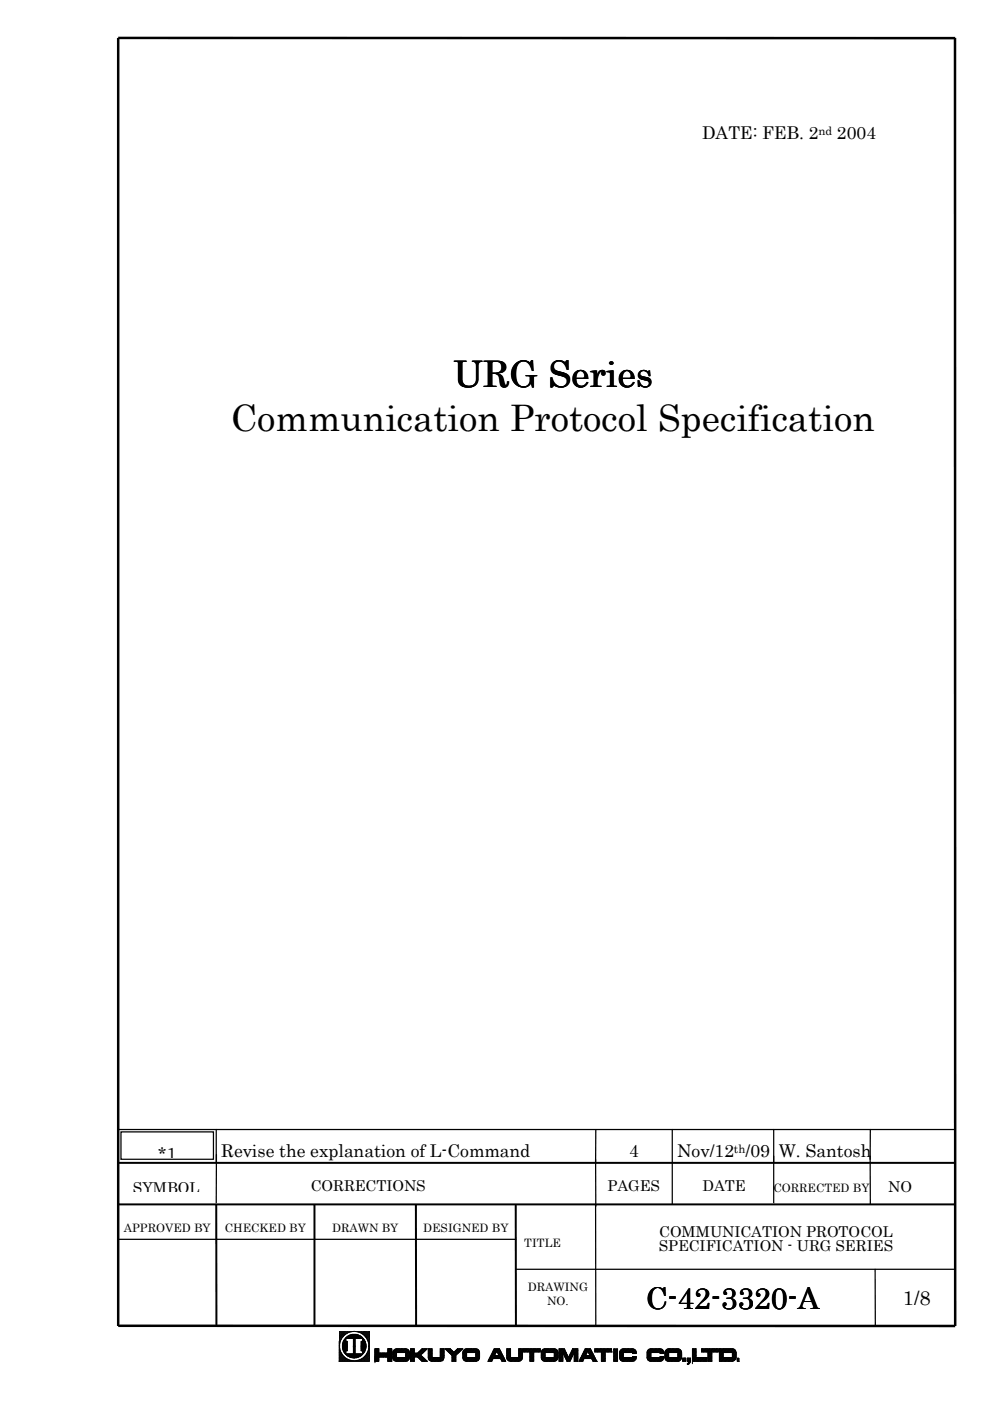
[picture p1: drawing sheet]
<svg xmlns="http://www.w3.org/2000/svg" width="210mm" height="297mm" viewBox="0 0 210 297" stroke-linecap="round" stroke-linejoin="round" font-family="sans-serif">
<path d="M202.5 8v273.1h-177.4M202.5 8.1l-177.4-.1v273.1" fill="none" stroke="#000" stroke-width=".53"/>
<path d="M25.1 239.5h177.4M45.8 239.5v7M126.3 239.5v7M142.5 239.5v15.9M164 239.5v15.5M184.5 239.5v6.3M45.9 244.8l-.1 10.2M126.3 245.8v35.3M184.5 245.1v10.3M25.1 262.8h84.3M109.3 269.1h93.2M185.5 269.1l.1 12" fill="none" stroke="#000" stroke-width=".26"/>
<path d="M25.1 246.5h177.4M25.1 255.4h177.4M45.8 255.3l.1 25.8M66.7 255.4v25.7M88.2 255.4v25.7M109.3 255.3l.1 25.8" fill="none" stroke="#000" stroke-width=".42"/>
<path d="M69.8 282h89.2v8.9h-89.2z" fill-rule="evenodd" fill="#fff"/>
<g fill="none" stroke="#000" stroke-width=".21">
<path d="M71.9 282.2v6.4M72 285l-.1 .2M72 285.2l-.1 .1M72 285.4l-.1 .1M72 285.6l-.1 .1M72 285.7l-.1 .2M72 282.2l-.1 .2M72.1 284.8l-.2 .1M72.1 285.9l-.2 .2M72.1 286l-.2 .3M72.1 286.2l-.2 .2M72.1 284.5l-.2 .3"/>
<path d="M72.1 286.3l-.2 .3M72.2 286.5l-.3 .3M72.2 284.2l-.3 .4M72.2 286.6l-.3 .4M72.2 282.2l-.3 .3M72.3 286.7l-.4 .5M72.3 286.9l-.4 .5M72.4 283.9l-.5 .5M72.4 282.2l-.5 .5M72.4 287l-.5 .5M72.5 287.1l-.6 .6M72.6 287.2l-.7 .7"/>
<path d="M72.6 282.2l-.7 .7M72.6 287.3l-.7 .8M72.7 287.4l-.8 .9M72.8 282.2l-.9 .9M72.8 287.5l-.9 1M72.9 287.6l-1 1M72.9 282.2l-1 1.1M73 287.7l-.9 .9M73.1 287.8l-.8 .8M73.2 282.2l-1.3 1.3M73.2 287.9l-.8 .7M73.3 283.9l-.5 .5"/>
<path d="M73.3 284.1l-.6 .6M73.3 284.2l-.7 .7M73.3 287v.1M73.3 288l-.7 .6M73.3 286.8l-.1 .2M73.3 283.8l-.4 .5M73.3 284.4h.3v2h-.3v.7M73.3 287.1h1.6M73.3 286.5l-.3 .3 .3-.2M73.3 284.4l-.7 .7M73.3 284.3l-.7 .7M73.3 284l-.6 .6"/>
<path d="M73.3 284.1l-.6 .7M73.3 286.6l-.2 .3M73.3 286.7l-.2 .2M73.3 286.9l-.1 .1M73.3 282.2l-1.4 1.5M73.4 287.1h-.1M73.4 284.4l-.8 .8M73.4 288l-.6 .6M73.5 284.4l-.9 .9M73.5 287.1l-.1 .1M73.5 283.5l-.3 .3M73.5 282.2l-1.6 1.6"/>
<path d="M73.5 288.1l-.5 .5M73.6 284.4l-1 1M73.6 287.1l-.2 .1M73.6 284.7l-1 1M73.6 284.9l-1 .9M73.6 285.9l-.7 .8 .7-.7M73.6 286.3v.1M73.6 286.2l-.2 .2M73.6 285.5l-.8 .8M73.6 284.9l-1 1M73.6 284.6l-1 1M73.6 284.5l-1 1"/>
<path d="M73.6 284.4l-1 1.1M73.6 286.3l-.1 .1M73.6 284.8l-1 .9M73.6 285l-1 1M73.6 285.1l-.9 .9 .9-.8-.9 1M73.6 285.3l-.9 .9M73.6 285.4l-.8 .9M73.6 285.6l-.8 .8M73.6 285.7l-.7 .8 .7-.8M73.6 285.8l-.7 .8M73.6 286.1l-.6 .6M73.7 288.2l-.5 .4"/>
<path d="M73.7 287.1l-.2 .2 .2-.2M73.7 282.2l-1.8 1.8M73.8 288.2l-.4 .4M73.8 283.3l-.8 .8M73.8 287.1l-.3 .3M73.9 282.2l-2 2M73.9 288.2l-.4 .4M73.9 287.1l-.3 .3M74 287.1l-.4 .3M74 283.2l-.6 .6M74 288.3l-.3 .3M74.1 287.1l-.4 .3"/>
<path d="M74.1 282.2l-.5 .5M74.1 283.1l-.6 .7M74.2 287.1l-.5 .4M74.2 288.4l-.3 .2M74.3 287.1l-.5 .4M74.3 283l-.7 .8M74.3 282.2l-.4 .3M74.3 288.4l-.2 .2M74.4 283l-.7 .8M74.4 287.1l-.5 .5M74.4 282.2l-.2 .2M74.5 288.4l-.2 .2"/>
<path d="M74.5 287.1l-.5 .5M74.5 283l-.8 .8M74.6 287.1l-.6 .6M74.6 283l-.8 .8M74.6 288.5l-.1 .1M74.6 282.2l-.1 .2M74.7 287.1l-.7 .6M74.7 282.9l-.8 .9M74.8 287.1l-.7 .6M74.8 288.5l-.1 .1M74.8 282.9l-.8 .9M74.8 282.2l-.1 .1"/>
<path d="M74.8 287.1l-.6 .6M74.9 282.9l-.9 .9M74.9 285.3l.4-.3-.4 .4M74.9 287.1l-.7 .6M74.9 283.8h-1.6v.6M74.9 283.8v3.3M75 288.5l-.2 .1M75 282.9l-.8 .9M75 282.2l-.1 .1M75.1 282.9l-.9 .9M75.1 288.5l-.1 .1M75.1 282.9l-.8 .9"/>
<path d="M75.2 282.2l-.1 .1M75.2 282.9l-.8 .9M75.3 286.7l-.4 .3M75.3 285.2l-.4 .3M75.3 287.1l-.8 .7M75.3 283.8l-.4 .3M75.3 287.1h1.6M75.3 283.9l-.4 .3M75.3 284l-.4 .3M75.3 284.1l-.4 .3M75.3 284.2l-.4 .3M75.3 284.3l-.4 .3"/>
<path d="M75.3 284.4l-.4 .3M75.3 284.5l-.4 .3M75.3 284.6l-.4 .3M75.3 284.7l-.4 .3M75.3 284.8l-.4 .3M75.3 284.9l-.4 .3M75.3 285.2l-.4 .2M75.3 285.3l-.4 .3M75.3 285.4l-.4 .3M75.3 285.5l-.4 .2M75.3 285.6l-.4 .2M75.3 285.6l-.4 .3"/>
<path d="M75.3 285.7l-.4 .3M75.3 285.8l-.4 .3M75.3 285.9l-.4 .3M75.3 286l-.4 .3M75.3 286.1l-.4 .3M75.3 286.2l-.4 .3M75.3 286.3l-.4 .3M75.3 286.4l-.4 .3M75.3 286.5l-.4 .3M75.3 286.6l-.4 .3M75.3 286.8l-1 .9M75.3 286.9l-1 .9"/>
<path d="M75.3 287l-.9 .8M75.3 283.8l.7-.7-.6 .7M75.3 282.9l-.8 .9M75.4 288.5l-.2 .1M75.4 282.2l-.1 .1M75.4 282.9l-.9 .9M75.4 287.1l-.8 .8M75.4 282.9l-.8 .9M75.5 287.1l-.8 .8M75.5 282.9l-.8 .9M75.6 288.5l-.2 .1M75.6 287.1l-.8 .8"/>
<path d="M75.6 282.2l-.2 .1M75.6 283l-.8 .8M75.6 283l-.7 .8M75.7 287.1l-.8 .8M75.7 283l-.8 .8M75.7 282.2l-.1 .1M75.8 288.4l-.2 .2M75.8 287.1l-.8 .8M75.8 283l-.9 .8M75.9 283l-1 .9M75.9 287.1l-.8 .8M75.9 282.2l-.1 .2"/>
<path d="M75.9 283l-1 1M76 287.1l-.9 .8M76 288.4l-.2 .2M76.1 287.1l-.9 .8M76.1 283.1l-.6 .7M76.1 282.2l-.2 .2M76.2 287.1l-.9 .8M76.2 283.1l-.6 .7M76.2 283.2l-.6 .6M76.2 287.1l-.8 .8M76.3 283.2l-.6 .6M76.3 282.2l-.3 .2"/>
<path d="M76.3 287.1l-.8 .8M76.3 283.2l-.5 .6M76.4 288.2l-.5 .4M76.4 283.3l-.5 .5M76.4 287.1l-.8 .8M76.5 283.3l-.5 .5M76.5 282.2l-.3 .3M76.5 287.1l-.8 .7M76.5 283.3l-.4 .5M76.5 283.3l-.3 .5M76.6 284.8l.7-.7-.7 .8M76.6 287.1l-.7 .7"/>
<path d="M76.6 283.4l-.4 .4M76.6 286.4h.3M76.6 285.2l.8-.8-.8 .8M76.6 283.4l-.3 .4M76.7 284.4l-.1 .1M76.7 287.1l-.7 .6M76.7 283.5l-.3 .3M76.7 282.2l-.4 .3M76.7 283.5l-.2 .3M76.8 283.5l-.3 .3M76.8 287.1l-.7 .6M76.8 288l-.6 .6"/>
<path d="M76.8 284.4l-.2 .2M76.8 283.6l-.2 .2M76.8 287.1l-.5 .5M76.8 282.2l-.3 .4M76.9 283.6l-.2 .2M76.9 283.6l-.1 .2M76.9 283.8h-1.6v3.3M76.9 283.8v.6M76.9 286.4v.7M76.9 284.4h-.3v2M76.9 283.7v.1M77 283.8h-.1"/>
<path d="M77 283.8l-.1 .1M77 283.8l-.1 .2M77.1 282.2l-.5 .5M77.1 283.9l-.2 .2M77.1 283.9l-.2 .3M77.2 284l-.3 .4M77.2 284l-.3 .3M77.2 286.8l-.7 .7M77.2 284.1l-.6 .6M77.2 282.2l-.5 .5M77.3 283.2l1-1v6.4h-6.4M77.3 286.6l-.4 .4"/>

- YOUR INSTRUCTIONS: Check each line of the material for the word "none". Copy the ones that have it.

- YOUR RESPONSE:
<path d="M202.5 8v273.1h-177.4M202.5 8.1l-177.4-.1v273.1" fill="none" stroke="#000" stroke-width=".53"/>
<path d="M25.1 239.5h177.4M45.8 239.5v7M126.3 239.5v7M142.5 239.5v15.9M164 239.5v15.5M184.5 239.5v6.3M45.9 244.8l-.1 10.2M126.3 245.8v35.3M184.5 245.1v10.3M25.1 262.8h84.3M109.3 269.1h93.2M185.5 269.1l.1 12" fill="none" stroke="#000" stroke-width=".26"/>
<path d="M25.1 246.5h177.4M25.1 255.4h177.4M45.8 255.3l.1 25.8M66.7 255.4v25.7M88.2 255.4v25.7M109.3 255.3l.1 25.8" fill="none" stroke="#000" stroke-width=".42"/>
<g fill="none" stroke="#000" stroke-width=".21">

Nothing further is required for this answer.